◆ TASK ITEM:
Lines from the line with "10.07,24.08 14.19,33.51 z6:9" to the line with "wall to f41130b466cec03b_F2_dwelling_1" in the entries below, and only those, must be output exactly, with both ends included.

◆ Collected data entries:
================

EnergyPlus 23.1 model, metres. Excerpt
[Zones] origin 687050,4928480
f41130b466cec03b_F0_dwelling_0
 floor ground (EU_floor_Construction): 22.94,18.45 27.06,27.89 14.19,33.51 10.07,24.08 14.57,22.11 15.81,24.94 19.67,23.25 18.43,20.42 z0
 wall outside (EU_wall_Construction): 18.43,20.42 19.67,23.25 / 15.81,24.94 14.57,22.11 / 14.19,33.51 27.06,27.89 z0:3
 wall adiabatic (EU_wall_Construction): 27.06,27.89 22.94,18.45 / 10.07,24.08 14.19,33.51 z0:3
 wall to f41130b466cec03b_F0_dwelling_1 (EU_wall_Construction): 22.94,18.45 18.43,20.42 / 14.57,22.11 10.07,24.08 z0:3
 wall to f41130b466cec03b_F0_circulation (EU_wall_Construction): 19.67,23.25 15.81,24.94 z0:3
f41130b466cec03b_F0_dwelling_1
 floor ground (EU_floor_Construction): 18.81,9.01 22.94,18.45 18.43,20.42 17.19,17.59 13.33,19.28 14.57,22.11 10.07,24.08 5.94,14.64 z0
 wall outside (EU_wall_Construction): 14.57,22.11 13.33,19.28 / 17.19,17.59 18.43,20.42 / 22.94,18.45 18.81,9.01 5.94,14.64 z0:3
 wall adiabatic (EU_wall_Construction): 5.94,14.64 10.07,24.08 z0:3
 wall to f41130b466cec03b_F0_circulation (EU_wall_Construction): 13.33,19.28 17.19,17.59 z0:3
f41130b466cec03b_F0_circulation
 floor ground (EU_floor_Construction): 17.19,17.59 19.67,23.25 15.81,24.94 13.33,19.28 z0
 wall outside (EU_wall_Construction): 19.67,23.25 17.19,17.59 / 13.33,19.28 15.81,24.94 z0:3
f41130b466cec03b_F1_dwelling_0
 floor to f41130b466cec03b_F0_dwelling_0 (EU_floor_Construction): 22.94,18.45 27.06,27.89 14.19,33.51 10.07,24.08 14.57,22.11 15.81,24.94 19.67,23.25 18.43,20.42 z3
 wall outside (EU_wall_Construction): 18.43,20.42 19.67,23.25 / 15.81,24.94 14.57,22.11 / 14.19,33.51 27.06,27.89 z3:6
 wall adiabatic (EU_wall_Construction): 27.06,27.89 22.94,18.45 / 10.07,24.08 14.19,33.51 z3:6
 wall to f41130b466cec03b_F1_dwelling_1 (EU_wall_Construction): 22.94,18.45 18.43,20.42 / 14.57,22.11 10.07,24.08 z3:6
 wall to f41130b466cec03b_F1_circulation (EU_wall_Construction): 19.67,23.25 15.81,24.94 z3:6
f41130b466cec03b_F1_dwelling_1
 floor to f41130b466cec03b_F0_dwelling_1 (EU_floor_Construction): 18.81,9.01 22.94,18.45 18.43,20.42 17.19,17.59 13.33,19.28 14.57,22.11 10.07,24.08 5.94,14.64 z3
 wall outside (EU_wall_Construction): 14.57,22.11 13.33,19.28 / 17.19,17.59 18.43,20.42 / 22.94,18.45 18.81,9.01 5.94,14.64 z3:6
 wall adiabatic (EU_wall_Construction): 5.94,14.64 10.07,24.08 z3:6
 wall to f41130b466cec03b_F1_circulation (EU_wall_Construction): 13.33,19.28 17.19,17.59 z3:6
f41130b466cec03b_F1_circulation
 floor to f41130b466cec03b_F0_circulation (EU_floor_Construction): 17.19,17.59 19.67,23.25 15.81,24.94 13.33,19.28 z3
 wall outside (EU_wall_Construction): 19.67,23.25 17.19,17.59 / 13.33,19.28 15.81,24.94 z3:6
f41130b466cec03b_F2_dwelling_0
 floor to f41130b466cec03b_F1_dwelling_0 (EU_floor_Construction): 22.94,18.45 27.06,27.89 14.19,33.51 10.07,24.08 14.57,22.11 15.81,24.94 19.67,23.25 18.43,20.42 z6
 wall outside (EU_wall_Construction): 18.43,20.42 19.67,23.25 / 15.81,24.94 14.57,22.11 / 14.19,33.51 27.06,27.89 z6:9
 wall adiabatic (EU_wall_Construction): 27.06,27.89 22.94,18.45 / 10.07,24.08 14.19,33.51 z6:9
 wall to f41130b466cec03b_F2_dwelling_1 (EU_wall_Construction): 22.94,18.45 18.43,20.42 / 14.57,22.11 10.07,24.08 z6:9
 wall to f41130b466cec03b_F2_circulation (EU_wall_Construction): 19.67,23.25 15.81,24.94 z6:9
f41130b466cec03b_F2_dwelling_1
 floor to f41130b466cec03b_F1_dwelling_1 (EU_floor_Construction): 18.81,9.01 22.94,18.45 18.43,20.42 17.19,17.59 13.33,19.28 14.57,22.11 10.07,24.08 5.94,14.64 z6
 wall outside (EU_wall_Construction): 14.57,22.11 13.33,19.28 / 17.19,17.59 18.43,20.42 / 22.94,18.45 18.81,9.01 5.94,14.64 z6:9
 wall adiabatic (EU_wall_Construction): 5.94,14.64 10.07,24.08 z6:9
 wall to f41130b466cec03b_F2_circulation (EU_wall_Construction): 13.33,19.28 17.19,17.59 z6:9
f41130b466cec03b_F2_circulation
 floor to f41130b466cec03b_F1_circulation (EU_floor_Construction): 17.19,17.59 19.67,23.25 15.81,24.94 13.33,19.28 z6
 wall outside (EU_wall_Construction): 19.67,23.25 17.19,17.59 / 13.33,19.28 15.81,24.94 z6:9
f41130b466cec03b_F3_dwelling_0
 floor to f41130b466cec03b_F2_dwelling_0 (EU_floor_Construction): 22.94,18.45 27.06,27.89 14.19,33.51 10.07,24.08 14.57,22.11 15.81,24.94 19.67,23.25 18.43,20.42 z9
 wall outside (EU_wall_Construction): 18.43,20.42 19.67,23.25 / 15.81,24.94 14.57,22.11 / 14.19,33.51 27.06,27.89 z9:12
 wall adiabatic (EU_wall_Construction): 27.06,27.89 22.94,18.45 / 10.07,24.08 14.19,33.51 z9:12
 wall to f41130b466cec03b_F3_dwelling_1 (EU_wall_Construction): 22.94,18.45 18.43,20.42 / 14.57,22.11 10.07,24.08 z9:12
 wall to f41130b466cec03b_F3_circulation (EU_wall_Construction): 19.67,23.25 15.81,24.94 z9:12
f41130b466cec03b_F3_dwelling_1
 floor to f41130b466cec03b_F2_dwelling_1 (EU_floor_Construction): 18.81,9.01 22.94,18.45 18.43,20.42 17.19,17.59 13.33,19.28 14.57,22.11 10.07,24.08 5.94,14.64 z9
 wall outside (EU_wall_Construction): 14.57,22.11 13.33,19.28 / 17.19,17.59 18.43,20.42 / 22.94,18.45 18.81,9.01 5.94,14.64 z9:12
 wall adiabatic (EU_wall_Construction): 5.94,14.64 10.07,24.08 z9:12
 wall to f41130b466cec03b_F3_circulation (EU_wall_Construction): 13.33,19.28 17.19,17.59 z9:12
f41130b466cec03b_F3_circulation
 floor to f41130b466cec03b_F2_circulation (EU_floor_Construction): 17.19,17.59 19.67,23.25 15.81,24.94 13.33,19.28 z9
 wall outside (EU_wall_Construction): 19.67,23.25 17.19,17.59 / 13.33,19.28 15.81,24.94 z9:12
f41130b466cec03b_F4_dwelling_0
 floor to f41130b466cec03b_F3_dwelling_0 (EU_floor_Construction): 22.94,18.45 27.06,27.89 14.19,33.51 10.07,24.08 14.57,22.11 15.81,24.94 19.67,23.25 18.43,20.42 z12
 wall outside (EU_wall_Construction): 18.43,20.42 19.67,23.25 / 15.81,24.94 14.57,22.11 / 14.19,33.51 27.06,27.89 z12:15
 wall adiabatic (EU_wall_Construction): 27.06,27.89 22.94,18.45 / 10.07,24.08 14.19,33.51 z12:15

================

◆ TASK OUTPUT:
 wall adiabatic (EU_wall_Construction): 27.06,27.89 22.94,18.45 / 10.07,24.08 14.19,33.51 z6:9
 wall to f41130b466cec03b_F2_dwelling_1 (EU_wall_Construction): 22.94,18.45 18.43,20.42 / 14.57,22.11 10.07,24.08 z6:9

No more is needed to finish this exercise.